PROMPT: Your answer should consist solely of the lines from the one containing "Switch : Switch" through the end of the entries below, duplicated exactly.

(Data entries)
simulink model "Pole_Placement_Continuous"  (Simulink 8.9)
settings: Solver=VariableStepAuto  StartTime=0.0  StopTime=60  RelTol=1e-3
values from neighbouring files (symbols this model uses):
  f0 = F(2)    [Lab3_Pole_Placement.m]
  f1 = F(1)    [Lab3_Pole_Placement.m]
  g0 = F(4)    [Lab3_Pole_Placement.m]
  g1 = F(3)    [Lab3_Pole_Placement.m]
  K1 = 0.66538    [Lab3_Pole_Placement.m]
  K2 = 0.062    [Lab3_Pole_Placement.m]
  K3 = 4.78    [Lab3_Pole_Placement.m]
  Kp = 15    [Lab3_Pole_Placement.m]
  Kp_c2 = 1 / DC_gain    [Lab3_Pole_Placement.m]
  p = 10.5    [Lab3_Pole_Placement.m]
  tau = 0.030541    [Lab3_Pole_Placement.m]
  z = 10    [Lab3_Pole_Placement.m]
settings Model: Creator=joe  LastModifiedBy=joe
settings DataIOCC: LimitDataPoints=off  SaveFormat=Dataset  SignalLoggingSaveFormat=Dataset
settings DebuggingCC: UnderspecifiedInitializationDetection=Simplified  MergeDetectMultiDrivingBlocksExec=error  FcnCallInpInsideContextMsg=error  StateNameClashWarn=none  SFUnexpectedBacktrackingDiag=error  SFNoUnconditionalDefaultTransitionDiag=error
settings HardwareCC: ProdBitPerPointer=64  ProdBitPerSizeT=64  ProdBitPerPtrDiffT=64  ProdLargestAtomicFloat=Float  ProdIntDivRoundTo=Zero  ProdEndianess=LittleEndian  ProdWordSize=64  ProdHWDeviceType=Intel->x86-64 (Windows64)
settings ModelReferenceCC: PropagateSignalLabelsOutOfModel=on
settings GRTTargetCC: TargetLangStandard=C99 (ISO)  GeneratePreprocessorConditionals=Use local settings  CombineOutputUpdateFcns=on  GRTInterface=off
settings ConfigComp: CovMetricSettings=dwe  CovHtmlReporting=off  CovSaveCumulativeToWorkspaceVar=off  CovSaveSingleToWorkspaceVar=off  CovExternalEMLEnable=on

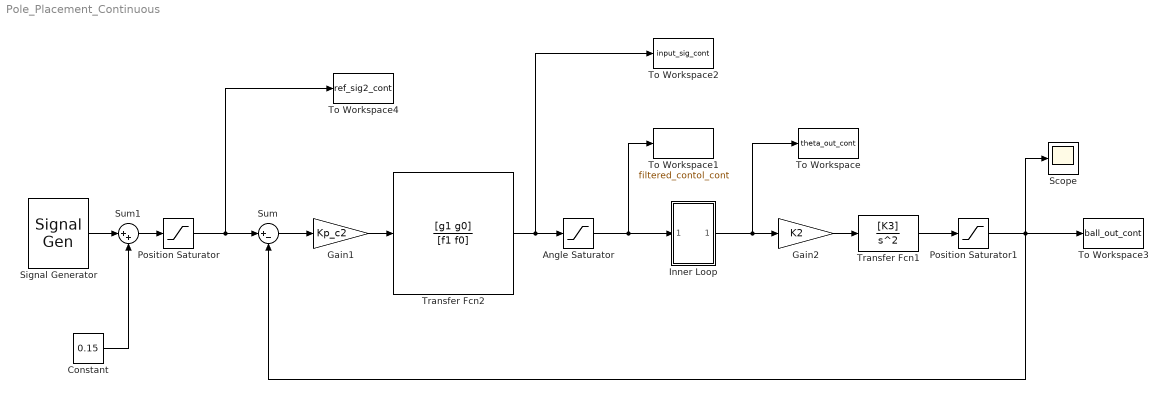
== system Pole_Placement_Continuous ==
  Angle Saturator : Saturate  UpperLimit=0.785  LowerLimit=-0.785
  Constant : Constant  Value=0.15
  Gain1 : Gain  Gain=Kp_c2
  Gain2 : Gain  Gain=K2
  Inner Loop : Subsystem
  Position Saturator : Saturate  UpperLimit=0.417  LowerLimit=0
  Position Saturator1 : Saturate  UpperLimit=0.417  LowerLimit=0
  Scope : Scope
  Signal Generator : SignalGenerator  WaveForm=square  Amplitude=0.03  Frequency=0.05
  Sum : Sum  Inputs=|+-
  Sum1 : Sum  Inputs=|++
  To Workspace : ToWorkspace  VariableName=theta_out_cont  SaveFormat=Timeseries  SampleTime=-1
  To Workspace1 : ToWorkspace  VariableName=filtered_contol_cont  SaveFormat=Timeseries  SampleTime=-1
  To Workspace2 : ToWorkspace  VariableName=input_sig_cont  SaveFormat=Timeseries  SampleTime=-1
  To Workspace3 : ToWorkspace  VariableName=ball_out_cont  SaveFormat=Timeseries  SampleTime=-1
  To Workspace4 : ToWorkspace  VariableName=ref_sig2_cont  SaveFormat=Timeseries  SampleTime=-1
  Transfer Fcn1 : TransferFcn  Numerator=[K3]  Denominator=[1 0 0]
  Transfer Fcn2 : TransferFcn  Numerator=[g1 g0]  Denominator=[f1 f0]
  wires:
  Transfer Fcn2/1 -> To Workspace2/1, Angle Saturator/1
  Angle Saturator/1 -> To Workspace1/1, Inner Loop/1(In1)
  Gain1/1 -> Transfer Fcn2/1
  Sum/1 -> Gain1/1
  Position Saturator/1 -> To Workspace4/1, Sum/1
  Gain2/1 -> Transfer Fcn1/1
  Inner Loop/1(Out1) -> To Workspace/1, Gain2/1
  Transfer Fcn1/1 -> Position Saturator1/1
  Position Saturator1/1 -> Scope/1, To Workspace3/1, Sum/2
  Constant/1 -> Sum1/2
  Signal Generator/1 -> Sum1/1
  Sum1/1 -> Position Saturator/1

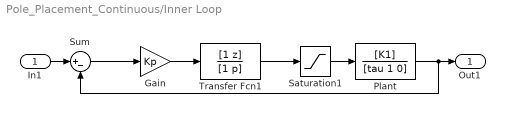
== system Pole_Placement_Continuous/Inner Loop ==
  In1 : Inport
  Gain : Gain  Gain=Kp
  Plant : TransferFcn  Numerator=[K1]  Denominator=[tau 1 0]
  Saturation1 : Saturate  UpperLimit=6  LowerLimit=-6
  Sum : Sum  Inputs=|+-
  Transfer Fcn1 : TransferFcn  Numerator=[1 z]  Denominator=[1 p]
  Out1 : Outport
  wires:
  In1/1 -> Sum/1
  Plant/1 -> Sum/2, Out1/1
  Gain/1 -> Transfer Fcn1/1
  Transfer Fcn1/1 -> Saturation1/1
  Sum/1 -> Gain/1
  Saturation1/1 -> Plant/1
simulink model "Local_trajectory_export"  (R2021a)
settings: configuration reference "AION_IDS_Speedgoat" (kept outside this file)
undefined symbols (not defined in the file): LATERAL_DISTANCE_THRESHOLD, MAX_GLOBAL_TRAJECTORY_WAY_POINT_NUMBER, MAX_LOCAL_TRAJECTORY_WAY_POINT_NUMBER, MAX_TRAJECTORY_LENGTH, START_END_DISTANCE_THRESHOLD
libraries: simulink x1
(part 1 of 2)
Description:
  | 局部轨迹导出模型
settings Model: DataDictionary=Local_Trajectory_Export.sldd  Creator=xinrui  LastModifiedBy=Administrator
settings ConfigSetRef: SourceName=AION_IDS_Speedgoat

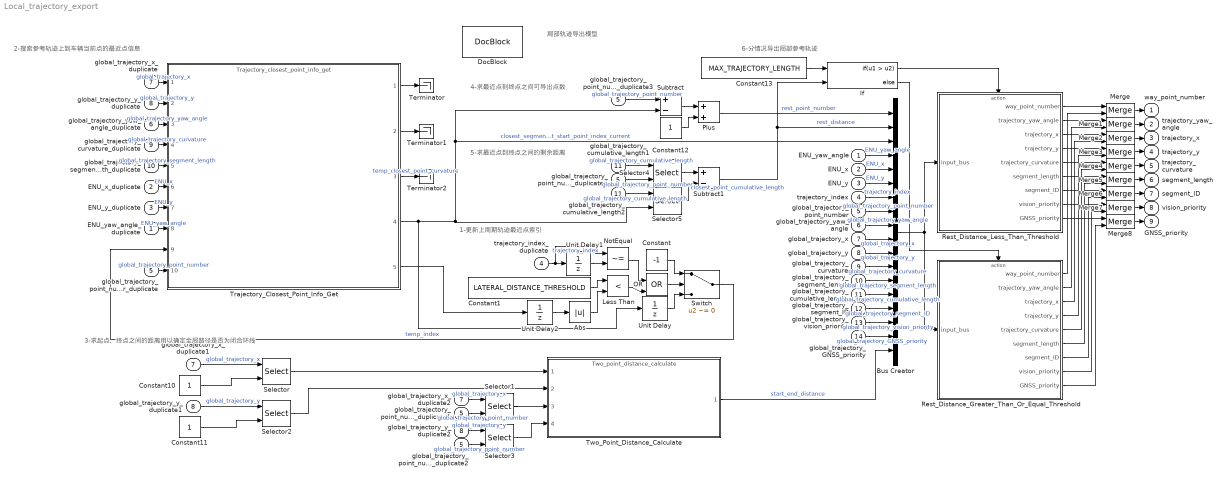
== system Local_trajectory_export ==
  note: 6-分情况导出局部参考轨迹
  note: 5-求最近点到终点之间的剩余距离
  note: 4-求最近点到终点之间可导出点数
  note: 1-更新上周期轨迹最近点索引
  note: 3-求起点、终点之间的距离用以确定全局路径是否为闭合环线
  note: 2-搜索参考轨迹上到车辆当前点的最近点信息
  note: 局部轨迹导出模型
  ENU_yaw_angle : Inport  Description=东北天坐标系下当前点横摆角，实数，deg。  OutDataTypeStr=double  PortDimensions=1
  ENU_x : Inport  Description=东北天坐标系下当前点x坐标，实数，m。  Port=2  OutDataTypeStr=double  PortDimensions=1
  ENU_y : Inport  Description=东北天坐标系下当前点y坐标，实数，m。  Port=3  OutDataTypeStr=double  PortDimensions=1
  trajectory_index : Inport  Description=选择的参考轨迹索引，正整数，无量纲。  Port=4  OutDataTypeStr=int8  PortDimensions=1
  global_trajectory_point_number : Inport  Description=选择的全局参考轨迹路点数量，正整数，无量纲。  Port=5  OutDataTypeStr=int32  PortDimensions=1
  global_trajectory_yaw_angle : Inport  Description=选择的全局参考轨迹横摆角数组，有效数据量为global_trajectory_point_number，实数，deg。  Port=6  OutDataTypeStr=double  PortDimensions=MAX_GLOBAL_TRAJECTORY_WAY_POINT_NUMBER  Interpolate=off
  global_trajectory_x : Inport  Description=选择的全局参考轨迹x坐标数组，有效数据量为global_trajectory_point_number，实数，m。  Port=7  OutDataTypeStr=double  PortDimensions=MAX_GLOBAL_TRAJECTORY_WAY_POINT_NUMBER  Interpolate=off
  global_trajectory_y : Inport  Description=选择的全局参考轨迹y坐标数组，有效数据量为global_trajectory_point_number，实数，m。  Port=8  OutDataTypeStr=double  PortDimensions=MAX_GLOBAL_TRAJECTORY_WAY_POINT_NUMBER  Interpolate=off
  global_trajectory_curvature : Inport  Description=选择的全局参考轨迹曲率数组，有效数据量为global_trajectory_point_number，实数，1/m。  Port=9  OutDataTypeStr=double  PortDimensions=MAX_GLOBAL_TRAJECTORY_WAY_POINT_NUMBER  Interpolate=off
  global_trajectory_segment_length : Inport  Description=选择的全局参考轨迹路点到前一个点的线段长度数组，有效数据量为global_trajectory_point_number，正实数，m。  Port=10  OutDataTypeStr=double  PortDimensions=MAX_GLOBAL_TRAJECTORY_WAY_POINT_NUMBER  Interpolate=off
  global_trajectory_cumulative_length : Inport  Description=选择的全局参考轨迹路点到起点的累计长度数组，有效数据量为global_trajectory_point_number，正实数，m。  Port=11  OutDataTypeStr=double  PortDimensions=MAX_GLOBAL_TRAJECTORY_WAY_POINT_NUMBER  Interpolate=off
  global_trajectory_segment_ID : Inport  Description=选择的全局参考轨迹区间代号数组，有效数据量为global_trajectory_point_number，正整数，无量纲。  Port=12  OutDataTypeStr=int8  PortDimensions=MAX_GLOBAL_TRAJECTORY_WAY_POINT_NUMBER  Interpolate=off
  global_trajectory_vision_priority : Inport  Description=选择的全局参考轨迹视觉循迹优先级数组，有效数据量为global_trajectory_point_number，自然数，无量纲。  Port=13  OutDataTypeStr=int8  PortDimensions=MAX_GLOBAL_TRAJECTORY_WAY_POINT_NUMBER  Interpolate=off
  global_trajectory_GNSS_priority : Inport  Description=选择的全局参考轨迹GNSS循迹优先级数组，有效数据量为global_trajectory_point_number，自然数，无量纲。  Port=14  OutDataTypeStr=int8  PortDimensions=MAX_GLOBAL_TRAJECTORY_WAY_POINT_NUMBER  Interpolate=off
  Abs : Abs
  Bus Creator : BusCreator  Inputs=18
  Constant : Constant  Value=-1  OutDataTypeStr=int32  SampleTime=-1
  Constant1 : Constant  Value=LATERAL_DISTANCE_THRESHOLD  OutDataTypeStr=double  SampleTime=-1
  Constant10 : Constant  OutDataTypeStr=int32  SampleTime=-1
  Constant11 : Constant  OutDataTypeStr=int32  SampleTime=-1
  Constant12 : Constant  OutDataTypeStr=int32  SampleTime=-1
  Constant13 : Constant  Value=MAX_TRAJECTORY_LENGTH  OutDataTypeStr=double  SampleTime=-1
  DocBlock : simulink/Model-Wide Utilities/DocBlock  DocumentType=HTML  mask(DocBlock){}
      mask Display:
      | plot([.8 0 0 1 1 .8 .8 1],[1 1 0 0 .8 1 .8 .8]);
      | text(.5,.6,'CHANGELOG','horizontalalignment','center');
      | text(.95,.05,get_param(gcb,'DocumentType'),'verticalalignment','bottom','horizontalalignment','right');
  ENU_x_duplicate : InportShadow  Description=东北天坐标系下当前点x坐标，实数，m。  Port=2  OutDataTypeStr=double  PortDimensions=1
  ENU_y_duplicate : InportShadow  Description=东北天坐标系下当前点y坐标，实数，m。  Port=3  OutDataTypeStr=double  PortDimensions=1
  ENU_yaw_angle_duplicate : InportShadow  Description=东北天坐标系下当前点横摆角，实数，deg。  OutDataTypeStr=double  PortDimensions=1
  If : If  Description=当最近点到终点之间累计距离不足最大轨迹长度的时候，判断起点、终点之间的距离。  NumInputs=2  IfExpression=u1 > u2
  Less Than : RelationalOperator  Operator=<  OutDataTypeStr=boolean  RndMeth=Simplest
  Merge{,1..8} (9 alike) : Merge
  NotEqual : RelationalOperator  Operator=~=  OutDataTypeStr=boolean  RndMeth=Simplest
  OR : Logic  Operator=OR  IconShape=distinctive  AllPortsSameDT=off  OutDataTypeStr=boolean
  Plus : Sum  Description=求最近点到终点之间可导出点数。
  Rest_Distance_Greater_Than_Or_Equal_Threshold : Subsystem  Description=当最近点到终点之间的累计距离大于最大轨迹长度的时候，按最大轨迹长度导出轨迹。  TreatAsAtomicUnit=on
  Rest_Distance_Less_Than_Threshold : Subsystem  Description=当最近点到终点之间累计距离不足最大轨迹长度的时候，判断起点、终点之间的距离。  TreatAsAtomicUnit=on
  Selector : Selector  Description=获取参考轨迹起点x坐标。  IndexOptions=Index vector (port)  Indices=[1 3]  OutputSizes=1
  Selector1 : Selector  Description=获取参考轨迹终点x坐标。  IndexOptions=Index vector (port)  Indices=[1 3]  OutputSizes=1
  Selector2 : Selector  Description=获取参考轨迹起点y坐标。  IndexOptions=Index vector (port)  Indices=[1 3]  OutputSizes=1
  Selector3 : Selector  Description=获取参考轨迹终点y坐标。  IndexOptions=Index vector (port)  Indices=[1 3]  OutputSizes=1
  Selector4 : Selector  Description=获取参考轨迹终点处的累计长度。  IndexOptions=Index vector (port)  Indices=[1 3]  OutputSizes=1
  Selector5 : Selector  Description=获取参考轨迹最近线段起始点处的累计长度。  IndexOptions=Index vector (port)  Indices=[1 3]  OutputSizes=1
  Subtract : Sum  Inputs=+-
  Subtract1 : Sum  Description=求最近点到终点之间的剩余距离。  Inputs=+-
  Switch : Switch  Description=|  Criteria=u2 ~= 0
      | 当以下任意条件满足时，采用全局搜索最近点，输入索引设置为-1，否则采用上周期的最近线段起始点索引作为本周期输入索引，使用局部搜索最近点信息。
      | （1）选定参考轨迹索引发生改变。
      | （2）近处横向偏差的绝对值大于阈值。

TASK SOLUTION:
  Switch : Switch  Description=|  Criteria=u2 ~= 0
      | 当以下任意条件满足时，采用全局搜索最近点，输入索引设置为-1，否则采用上周期的最近线段起始点索引作为本周期输入索引，使用局部搜索最近点信息。
      | （1）选定参考轨迹索引发生改变。
      | （2）近处横向偏差的绝对值大于阈值。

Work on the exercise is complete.